Beitragvon Feldweg » 05.08.2013, 19:06

Ich habe bis zu meinem 19. Lebensjahr überhaupt nicht gewusst, dass es sowas wie Magen-Darm-Grippe überhaupt gibt. :shock:
Ich bin dann von Thüringen nach Hessen gezogen - allein mit 18, und war hier zum ersten mal überhaupt damit konfrontiert - Das war ein Schock :!:

In meiner Kindheit habe ich ausschließlich erbrochen, wenn ich mir den Magen verdorben hatte - einmal, weil ich aus Versehen Spüli getrunken habe (mein Vater hatte es blöderweise in eine Trinkflasche gefüllt, die ich vorher nie benutzt hatte) - meine liebe Oma hat ihm damals die Leviten gelesen :lach:
Ich kann mich auch aus Kindergarten - Zeiten an kein Erbrechen bei anderen Kindern erinnern, das krankheitsbedingt war.
Immer wegen Essen - oder psychischem Druck (DDR - Erziehungssystem - war schlimm)

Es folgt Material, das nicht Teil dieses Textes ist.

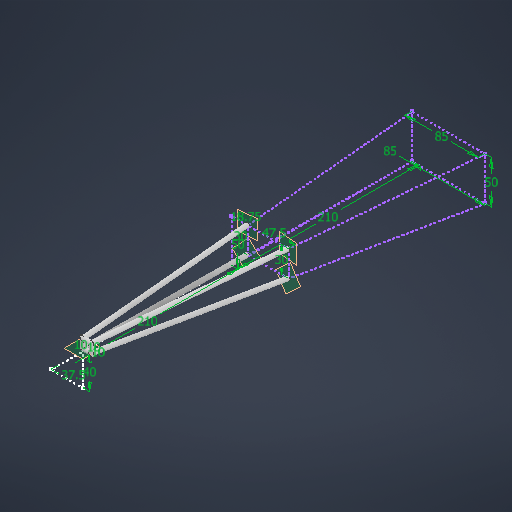
# Autodesk Inventor part: RCPlaneTailRear2
Saved by Autodesk Inventor 2026.1 (Build 301233000, 233)
## iProperties
Created: 2026-03-16
Part Number: RCPlaneTailRear2
Material: Generic
Document SubType Name: Modeling
Designer: morri
Density: 1 g/cm^3
Appearance: Default
Mass: 17.3815 g
Surface Area: 140.623 cm^2
Volume: 17.3815 cm^3
Author: morri
Autodesk Inventor part; units mm, degrees
ref_plane "YZ Plane" through (0, 0, 0) normal (1, 0, 0) x (0, 1, 0)
ref_plane "XZ Plane" through (0, 0, 0) normal (0, 1, 0) x (-1, 0, 0)
ref_plane "XY Plane" through (0, 0, 0) normal (0, 0, 1) x (1, 0, 0)
sketch3d "3D Sketch1"
ref_plane "Work Plane1" through (18.75, 50, 210) normal (-0.0889, 0, -0.996) x (0, -1, 0)
ref_plane "Work Plane2" through (66.25, 20, 210) normal (0.0885, -0.0944, -0.9916) x (0.7295, 0.6839, 0)
ref_plane "Work Plane3" through (66.25, 50, 210) normal (0.0889, 0, -0.996) x (0, 1, 0)
ref_plane "Work Plane4" through (18.75, 20, 210) normal (-0.0885, -0.0944, -0.9916) x (0.7295, -0.6839, 0)
ref_plane "Work Plane5" through (37.5, 40, 420) normal (0, -1, 0) x (1, 0, 0)
sketch "Sketch1" plane through (18.75, 20, 210) normal (-0.0885, -0.0944, -0.9916) x (0.7295, -0.6839, 0)
  circle A0 centre (0, 0) radius 2.5
  point P0 (0, 0)
  dimension "d15" = 5
  constraints: 1 centre point, 1 coincident
  measures "d15" diameter of A0
sketch "Sketch2" plane through (18.75, 50, 210) normal (-0.0889, 0, -0.996) x (0, -1, 0)
  circle A0 centre (0, 0) radius 2.5
  point P0 (50, 0)
  dimension "d16" = 5
  constraints: 1 centre point
  measures "d16" diameter of A0
sketch "Sketch3" plane through (66.25, 50, 210) normal (0.0889, 0, -0.996) x (0, 1, 0)
  circle A0 centre (0, 0) radius 2.5
  point P0 (-50, -84.6632)
  dimension "d17" = 5
  constraints: 1 centre point
  measures "d17" diameter of A0
sketch "Sketch4" plane through (66.25, 20, 210) normal (0.0885, -0.0944, -0.9916) x (0.7295, 0.6839, 0)
  circle A0 centre (0, 0) radius 2.5
  point P0 (-62.0107, -57.6459)
  dimension "d18" = 5
  constraints: 1 centre point
  measures "d18" diameter of A0
sketch "Sketch5" plane through (37.5, 40, 420) normal (0, -1, 0) x (1, 0, 0)
  circle A0 centre (0, 0) radius 2.5
  point P0 (-37.5, -420)
  dimension "d19" = 5
  constraints: 1 centre point
  measures "d19" diameter of A0
sketch3d "3D Sketch2"
  line L0 (18.75, 20, 210) -> (37.5, 40, 420)
  dimension "d9" = 210
  dimension "d10" = 37.5
  dimension "d11" = 40
  dimension "d12" = 10
  dimension "d13" = 10
  dimension "d14" = 10
sweep "Sweep1" add profiles "Sketch1" path "3D Sketch2"
sketch3d "3D Sketch2 for Sweep2"
  line L0 (18.75, 50, 210) -> (37.5, 50, 420)
  dimension "d9" = 210
  dimension "d10" = 37.5
  dimension "d11" = 40
  dimension "d12" = 10
  dimension "d13" = 10
  dimension "d14" = 10
sweep "Sweep2" add profiles "Sketch2" path "3D Sketch2 for Sweep2" separate body
sketch3d "3D Sketch2 for Sweep3"
  line L0 (66.25, 50, 210) -> (47.5, 50, 420)
  dimension "d9" = 210
  dimension "d10" = 37.5
  dimension "d11" = 40
  dimension "d12" = 10
  dimension "d13" = 10
  dimension "d14" = 10
sweep "Sweep3" add profiles "Sketch3" path "3D Sketch2 for Sweep3" separate body
sketch3d "3D Sketch2 for Sweep4"
  line L0 (66.25, 20, 210) -> (47.5, 40, 420)
  dimension "d9" = 210
  dimension "d10" = 37.5
  dimension "d11" = 40
  dimension "d12" = 10
  dimension "d13" = 10
  dimension "d14" = 10
sweep "Sweep4" add profiles "Sketch4" path "3D Sketch2 for Sweep4" separate body
sketch3d "3D Sketch2 for Sweep5"
  line L0 (37.5, 40, 420) -> (37.5, 50, 420)
  line L1 (37.5, 50, 420) -> (47.5, 50, 420)
  line L2 (47.5, 50, 420) -> (47.5, 40, 420)
  line L3 (47.5, 40, 420) -> (37.5, 40, 420)
  dimension "d9" = 210
  dimension "d10" = 37.5
  dimension "d11" = 40
  dimension "d12" = 10
  dimension "d13" = 10
  dimension "d14" = 10
sweep "Sweep5" add profiles "Sketch5" path "3D Sketch2 for Sweep5" separate body
body "Solid1"
body "Solid2"
body "Solid3"
body "Solid4"
body "Solid5"

Und nun bibber ich jeden Winter wegen dieser verfluchten MDG. Und ich krieg sie auch jedes mal!!!! meist NUR mit Übelkeit, Fieber und Brechreiz - aber es zieht sich über Tage und ist kaum auszuhalten

Ich habe mich mit Freunden aus der Heimat (dem Osten) darüber unterhalten - und keiner kann sich erinnern, je MDG gehabt zu haben - wie kann das sein? weil wir "abgekapselt" lebten? weil es kaum genmanipulierte Nahrung gab? Nun gut, dafür halt saisonales Obst und Gemüse - aber eben keine Südfrüchte und schon gar nicht chemisch behandelt. Ich hate nun auch das Glück, dass meine Familie 3 Riesen - Gärten mit eigenem Anbau und auch eigenen Viehbestand hatte (Fleisch wurde praktisch nie gekauft, beim Metzger oder so). Ob es damit zusammenhängt?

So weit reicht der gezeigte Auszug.